Your copy should match the records exactly, except that it contains no pictures.

[Start of section]

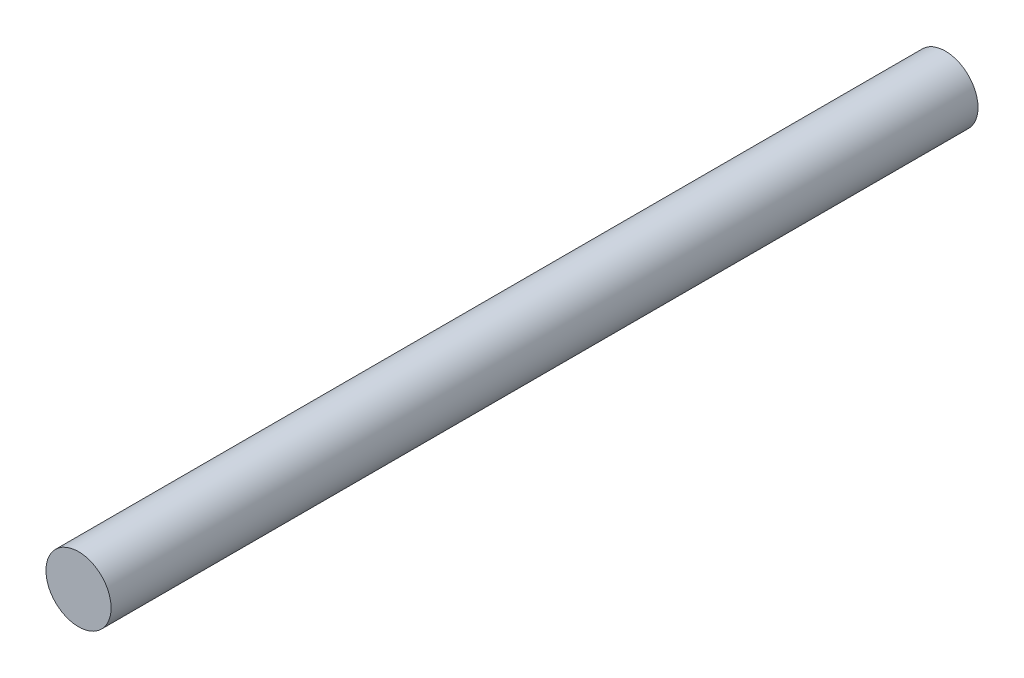
SolidWorks part; units mm, degrees
ref_plane "Front Plane" through (0, 0, 0) normal (0, 0, 1) x (1, 0, 0)
ref_plane "Top Plane" through (0, 0, 0) normal (0, 1, 0) x (1, 0, 0)
ref_plane "Right Plane" through (0, 0, 0) normal (1, 0, 0) x (0, 0, -1)
sketch "Sketch1" plane through (0, 0, 0) normal (0, 0, 1) x (1, 0, 0)
  circle A1 centre (0.0523, 0.183) radius 3.25
  dimension "D2" = 6.5
extrude "Boss-Extrude1" add sketch "Sketch1" along normal blind 86.5

[End of section]

→ Answer box
SolidWorks part; units mm, degrees
ref_plane "Front Plane" through (0, 0, 0) normal (0, 0, 1) x (1, 0, 0)
ref_plane "Top Plane" through (0, 0, 0) normal (0, 1, 0) x (1, 0, 0)
ref_plane "Right Plane" through (0, 0, 0) normal (1, 0, 0) x (0, 0, -1)
sketch "Sketch1" plane through (0, 0, 0) normal (0, 0, 1) x (1, 0, 0)
  circle A1 centre (0.0523, 0.183) radius 3.25
  dimension "D2" = 6.5
extrude "Boss-Extrude1" add sketch "Sketch1" along normal blind 86.5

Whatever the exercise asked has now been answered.